From the line containing "J3.8, RD7.2, RU7.2" through the last line of the records, print every line exactly and nothing more.

Start of Material for this exercise

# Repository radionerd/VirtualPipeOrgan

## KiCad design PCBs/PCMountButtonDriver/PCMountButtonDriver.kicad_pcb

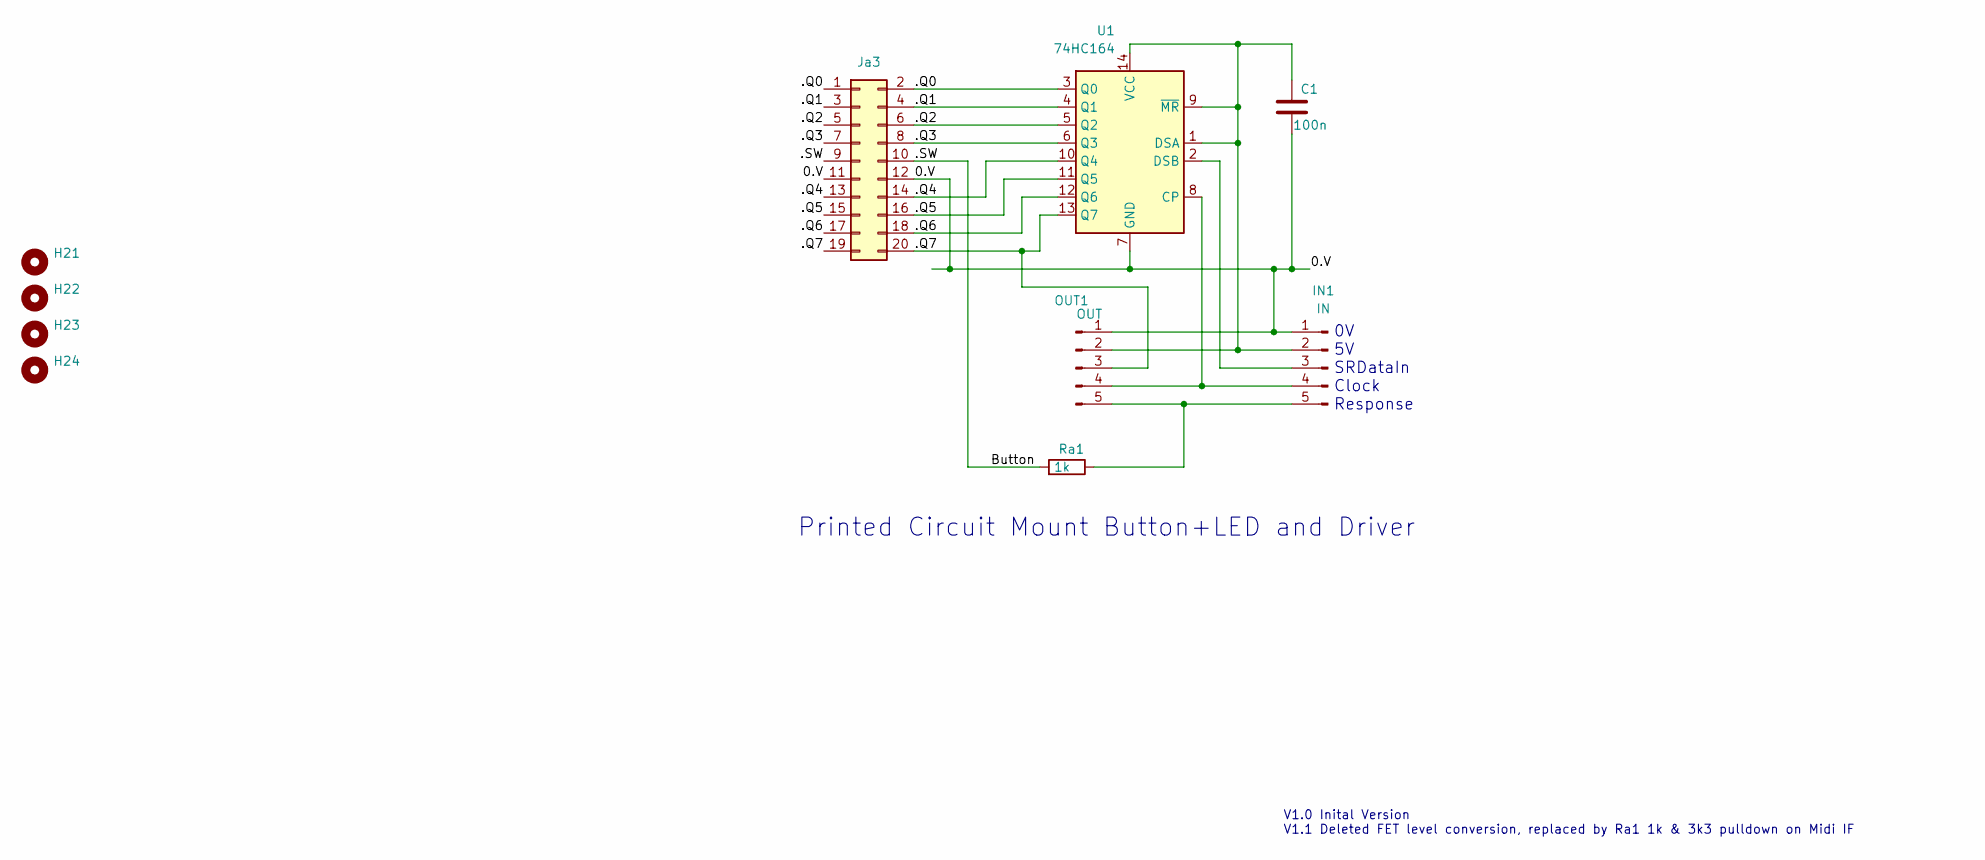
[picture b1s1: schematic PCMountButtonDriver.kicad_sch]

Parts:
C1: 100n; C_0805_2012Metric_Pad1.18x1.45mm_HandSolder
H21, H22, H23, H24: MountingHole; MountingHole_3.2mm_M3
IN1: IN; PinHeader_1x05_P2.54mm_Vertical
Ja3: Conn_02x10_Odd_Even; PinHeader_2x10_P2.54mm_Vertical
OUT1: OUT; PinHeader_1x05_P2.54mm_Vertical
Ra1: 1k; R_0805_2012Metric_Pad1.20x1.40mm_HandSolder
U1: 74HC164; DIP-14_W7.62mm_LongPads

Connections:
/0.V: C1.2, IN1.1, Ja3.11, Ja3.12, OUT1.1, U1.7 (GND)
/.Q0: Ja3.1, Ja3.2, U1.3 (Q0)
/.Q1: Ja3.3, Ja3.4, U1.4 (Q1)
/.Q2: Ja3.5, Ja3.6, U1.5 (Q2)
/.Q3: Ja3.7, Ja3.8, U1.6 (Q3)
/.Q4: Ja3.13, Ja3.14, U1.10 (Q4)
/.Q5: Ja3.15, Ja3.16, U1.11 (Q5)
/.Q6: Ja3.17, Ja3.18, U1.12 (Q6)
/.Q7: Ja3.19, Ja3.20, OUT1.3, U1.13 (Q7)
/.SW: Ja3.9, Ja3.10, Ra1.2
unnamed: C1.1, IN1.2, OUT1.2, U1.1 (DSA), U1.9 (~MR), U1.14 (VCC)
unnamed: IN1.3, U1.2 (DSB)
unnamed: IN1.4, OUT1.4, U1.8 (CP)
unnamed: IN1.5, OUT1.5, Ra1.1

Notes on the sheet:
V1.0 Inital Version V1.1 Deleted FET level conversion, replaced by Ra1 1k & 3k3 pulldown on Midi IF
Printed Circuit Mount Button+LED and Driver
0V 5V SRDataIn Clock Response

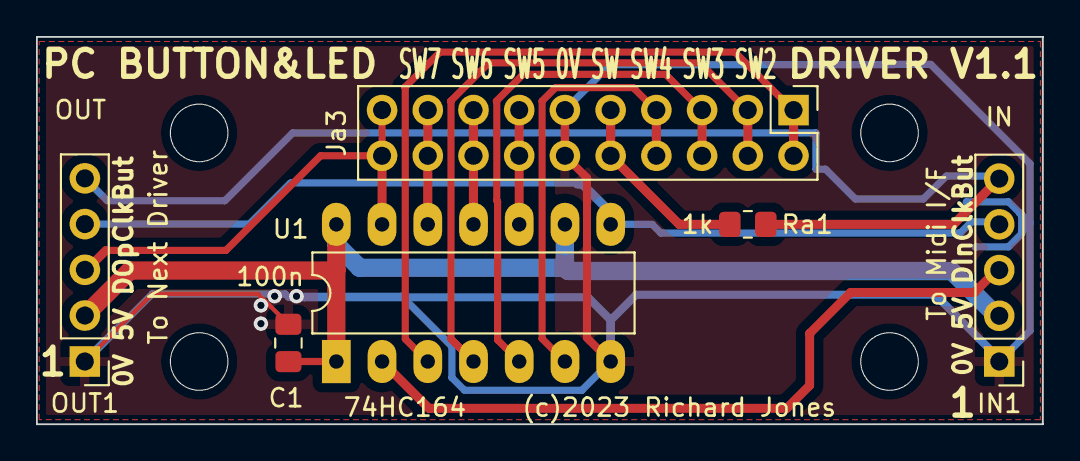
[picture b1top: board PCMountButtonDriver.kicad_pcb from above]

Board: 2 copper layers, 55.9 x 21.5 mm, 10 parts (0 on the bottom side), 14 nets.

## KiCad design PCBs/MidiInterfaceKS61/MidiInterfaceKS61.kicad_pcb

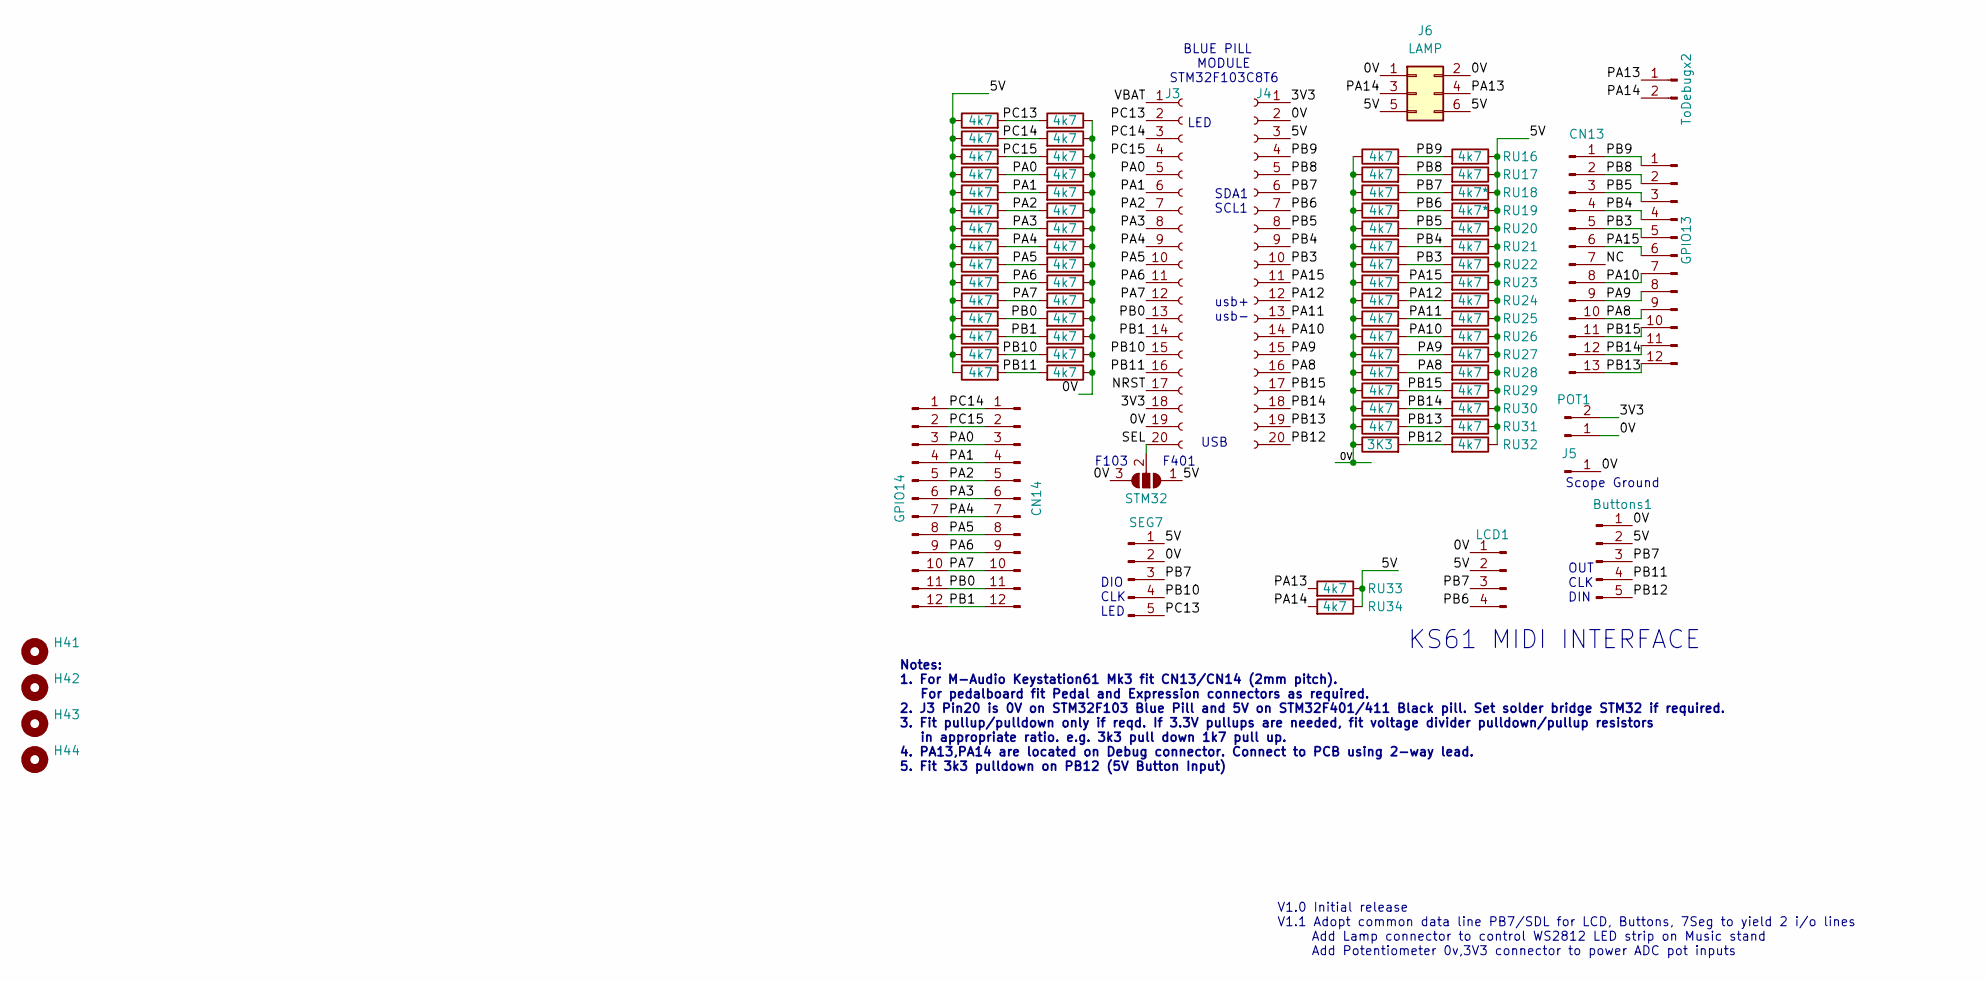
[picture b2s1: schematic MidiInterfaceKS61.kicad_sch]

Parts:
Buttons1: Conn_01x05_Male; PinHeader_1x05_P2.54mm_Vertical
CN13: Conn_01x13_Male; PinHeader_1x13_P2.00mm_Vertical
CN14: Conn_01x12_Male; PinHeader_1x12_P2.00mm_Vertical
GPIO13, GPIO14: Conn_01x12_Male; PinHeader_1x12_P2.54mm_Vertical
H41, H42, H43, H44: MountingHole; MountingHole_3.2mm_M3
J3, J4: Conn_01x20_Female; PinHeader_1x20_P2.54mm_Vertical
J5: Conn_01x01_Male; PinHeader_1x01_P2.54mm_Vertical
J6: LAMP; PinHeader_2x03_P2.54mm_Vertical
LCD1: Conn_01x04_Male; PinHeader_1x04_P2.54mm_Vertical
POT1: Conn_01x02_Male; PinHeader_1x02_P2.54mm_Vertical
RD1, RD2, RD3, RD4, RD5, RD6, RD7, RD8, RD9, RD10, RD11, RD12, RD13, RD14, RD15, RD16, RD17, RD18, RD19, RD20, RD21, RD22, RD23, RD24, RD25, RD26, RD27, RD28, RD29, RD30, RD31: 4k7; R_0805_2012Metric_Pad1.20x1.40mm_HandSolder
RD32: 3K3; R_0805_2012Metric_Pad1.20x1.40mm_HandSolder
RU1, RU2, RU3, RU4, RU5, RU6, RU7, RU8, RU9, RU10, RU11, RU12, RU13, RU14, RU15, RU16, RU17, RU20, RU21, RU22, RU23, RU24, RU25, RU26, RU27, RU28, RU29, RU30, RU31, RU32, RU33, RU34: 4k7; R_0805_2012Metric_Pad1.20x1.40mm_HandSolder
RU18, RU19: 4k7*; R_0805_2012Metric_Pad1.20x1.40mm_HandSolder
SEG7: Conn_01x05_Male; PinHeader_1x05_P2.54mm_Vertical
STM32: SolderJumper_3_Open; SolderJumper-3_P1.3mm_Open_RoundedPad1.0x1.5mm_NumberLabels
ToDebugx2: Conn_01x02_Male; PinHeader_1x02_P2.54mm_Vertical

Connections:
/0V: Buttons1.1, J3.19, J4.2, J5.1, J6.1, J6.2, LCD1.1, POT1.1, RD1.1, RD2.1, RD3.1, RD4.1, RD5.1, RD6.1, RD7.1, RD8.1, RD9.1, RD10.1, RD11.1, RD12.1, RD13.1, RD14.1, RD15.1, RD16.1, RD17.1, RD18.1, RD19.1, RD20.1, RD21.1, RD22.1, RD23.1, RD24.1, RD25.1, RD26.1, RD27.1, RD28.1, RD29.1, RD30.1, RD31.1, RD32.1, SEG7.2, STM32.3 (B)
/3V3: J3.18, J4.1, POT1.2
/5V: Buttons1.2, J4.3, J6.5, J6.6, LCD1.2, RU1.1, RU2.1, RU3.1, RU4.1, RU5.1, RU6.1, RU7.1, RU8.1, RU9.1, RU10.1, RU11.1, RU12.1, RU13.1, RU14.1, RU15.1, RU16.1, RU17.1, RU18.1, RU19.1, RU20.1, RU21.1, RU22.1, RU23.1, RU24.1, RU25.1, RU26.1, RU27.1, RU28.1, RU29.1, RU30.1, RU31.1, RU32.1, RU33.1, RU34.1, SEG7.1, STM32.1 (A)
/NC: CN13.7
/NRST: J3.17
/PA0: CN14.3, GPIO14.3, J3.5, RD4.2, RU4.2
/PA1: CN14.4, GPIO14.4, J3.6, RD5.2, RU5.2
/PA2: CN14.5, GPIO14.5, J3.7, RD6.2, RU6.2
/PA3: CN14.6, GPIO14.6, J3.8, RD7.2, RU7.2
/PA4: CN14.7, GPIO14.7, J3.9, RD8.2, RU8.2
/PA5: CN14.8, GPIO14.8, J3.10, RD9.2, RU9.2
/PA6: CN14.9, GPIO14.9, J3.11, RD10.2, RU10.2
/PA7: CN14.10, GPIO14.10, J3.12, RD11.2, RU11.2
/PA8: CN13.10, GPIO13.9, J4.16, RD28.2, RU28.2
/PA9: CN13.9, GPIO13.8, J4.15, RD27.2, RU27.2
/PA10: CN13.8, GPIO13.7, J4.14, RD26.2, RU26.2
/PA11: J4.13, RD25.2, RU25.2
/PA12: J4.12, RD24.2, RU24.2
/PA13: J6.4, RU33.2, ToDebugx2.1
/PA14: J6.3, RU34.2, ToDebugx2.2
/PA15: CN13.6, GPIO13.6, J4.11, RD23.2, RU23.2
/PB0: CN14.11, GPIO14.11, J3.13, RD12.2, RU12.2
/PB1: CN14.12, GPIO14.12, J3.14, RD13.2, RU13.2
/PB3: CN13.5, GPIO13.5, J4.10, RD22.2, RU22.2
/PB4: CN13.4, GPIO13.4, J4.9, RD21.2, RU21.2
/PB5: CN13.3, GPIO13.3, J4.8, RD20.2, RU20.2
/PB6: J4.7, LCD1.4, RD19.2, RU19.2
/PB7: Buttons1.3, J4.6, LCD1.3, RD18.2, RU18.2, SEG7.3
/PB8: CN13.2, GPIO13.2, J4.5, RD17.2, RU17.2
/PB9: CN13.1, GPIO13.1, J4.4, RD16.2, RU16.2
/PB10: J3.15, RD14.2, RU14.2, SEG7.4
/PB11: Buttons1.4, J3.16, RD15.2, RU15.2
/PB12: Buttons1.5, J4.20, RD32.2, RU32.2
/PB13: CN13.13, GPIO13.12, J4.19, RD31.2, RU31.2
/PB14: CN13.12, GPIO13.11, J4.18, RD30.2, RU30.2
/PB15: CN13.11, GPIO13.10, J4.17, RD29.2, RU29.2
/PC13: J3.2, RD1.2, RU1.2, SEG7.5
/PC14: CN14.1, GPIO14.1, J3.3, RD2.2, RU2.2
/PC15: CN14.2, GPIO14.2, J3.4, RD3.2, RU3.2
/SEL: J3.20, STM32.2 (C)
/VBAT: J3.1

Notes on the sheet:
BLUE PILL MODULE STM32F103C8T6
OUT CLK DIN
KS61 MIDI INTERFACE
usb+ usb-
DIO CLK LED
LED
Notes: 1. For M-Audio Keystation61 Mk3 fit CN13/CN14 (2mm pitch). For pedalboard fit Pedal and Expression connectors as required. 2. J3 Pin20 is 0V on STM32F103 Blue Pill and 5V on STM32F401/411 Black pill. Set solder bridge STM32 if required. 3. Fit pullup/pulldown only if reqd. If 3.3V pullups ar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
Scope Ground
SDA1 SCL1
V1.0 Initial release V1.1 Adopt common data line PB7/SDL for LCD, Buttons, 7Seg to yield 2 i/o lines Add Lamp connector to control WS2812 LED strip on Music stand Add Potentiometer 0v,3V3 connector to power ADC pot inputs
USB
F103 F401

End of Material for this exercise

__Solution for this task__:
/PA3: CN14.6, GPIO14.6, J3.8, RD7.2, RU7.2
/PA4: CN14.7, GPIO14.7, J3.9, RD8.2, RU8.2
/PA5: CN14.8, GPIO14.8, J3.10, RD9.2, RU9.2
/PA6: CN14.9, GPIO14.9, J3.11, RD10.2, RU10.2
/PA7: CN14.10, GPIO14.10, J3.12, RD11.2, RU11.2
/PA8: CN13.10, GPIO13.9, J4.16, RD28.2, RU28.2
/PA9: CN13.9, GPIO13.8, J4.15, RD27.2, RU27.2
/PA10: CN13.8, GPIO13.7, J4.14, RD26.2, RU26.2
/PA11: J4.13, RD25.2, RU25.2
/PA12: J4.12, RD24.2, RU24.2
/PA13: J6.4, RU33.2, ToDebugx2.1
/PA14: J6.3, RU34.2, ToDebugx2.2
/PA15: CN13.6, GPIO13.6, J4.11, RD23.2, RU23.2
/PB0: CN14.11, GPIO14.11, J3.13, RD12.2, RU12.2
/PB1: CN14.12, GPIO14.12, J3.14, RD13.2, RU13.2
/PB3: CN13.5, GPIO13.5, J4.10, RD22.2, RU22.2
/PB4: CN13.4, GPIO13.4, J4.9, RD21.2, RU21.2
/PB5: CN13.3, GPIO13.3, J4.8, RD20.2, RU20.2
/PB6: J4.7, LCD1.4, RD19.2, RU19.2
/PB7: Buttons1.3, J4.6, LCD1.3, RD18.2, RU18.2, SEG7.3
/PB8: CN13.2, GPIO13.2, J4.5, RD17.2, RU17.2
/PB9: CN13.1, GPIO13.1, J4.4, RD16.2, RU16.2
/PB10: J3.15, RD14.2, RU14.2, SEG7.4
/PB11: Buttons1.4, J3.16, RD15.2, RU15.2
/PB12: Buttons1.5, J4.20, RD32.2, RU32.2
/PB13: CN13.13, GPIO13.12, J4.19, RD31.2, RU31.2
/PB14: CN13.12, GPIO13.11, J4.18, RD30.2, RU30.2
/PB15: CN13.11, GPIO13.10, J4.17, RD29.2, RU29.2
/PC13: J3.2, RD1.2, RU1.2, SEG7.5
/PC14: CN14.1, GPIO14.1, J3.3, RD2.2, RU2.2
/PC15: CN14.2, GPIO14.2, J3.4, RD3.2, RU3.2
/SEL: J3.20, STM32.2 (C)
/VBAT: J3.1

Notes on the sheet:
BLUE PILL MODULE STM32F103C8T6
OUT CLK DIN
KS61 MIDI INTERFACE
usb+ usb-
DIO CLK LED
LED
Notes: 1. For M-Audio Keystation61 Mk3 fit CN13/CN14 (2mm pitch). For pedalboard fit Pedal and Expression connectors as required. 2. J3 Pin20 is 0V on STM32F103 Blue Pill and 5V on STM32F401/411 Black pill. Set solder bridge STM32 if required. 3. Fit pullup/pulldown only if reqd. If 3.3V pullups ar
Scope Ground
SDA1 SCL1
V1.0 Initial release V1.1 Adopt common data line PB7/SDL for LCD, Buttons, 7Seg to yield 2 i/o lines Add Lamp connector to control WS2812 LED strip on Music stand Add Potentiometer 0v,3V3 connector to power ADC pot inputs
USB
F103 F401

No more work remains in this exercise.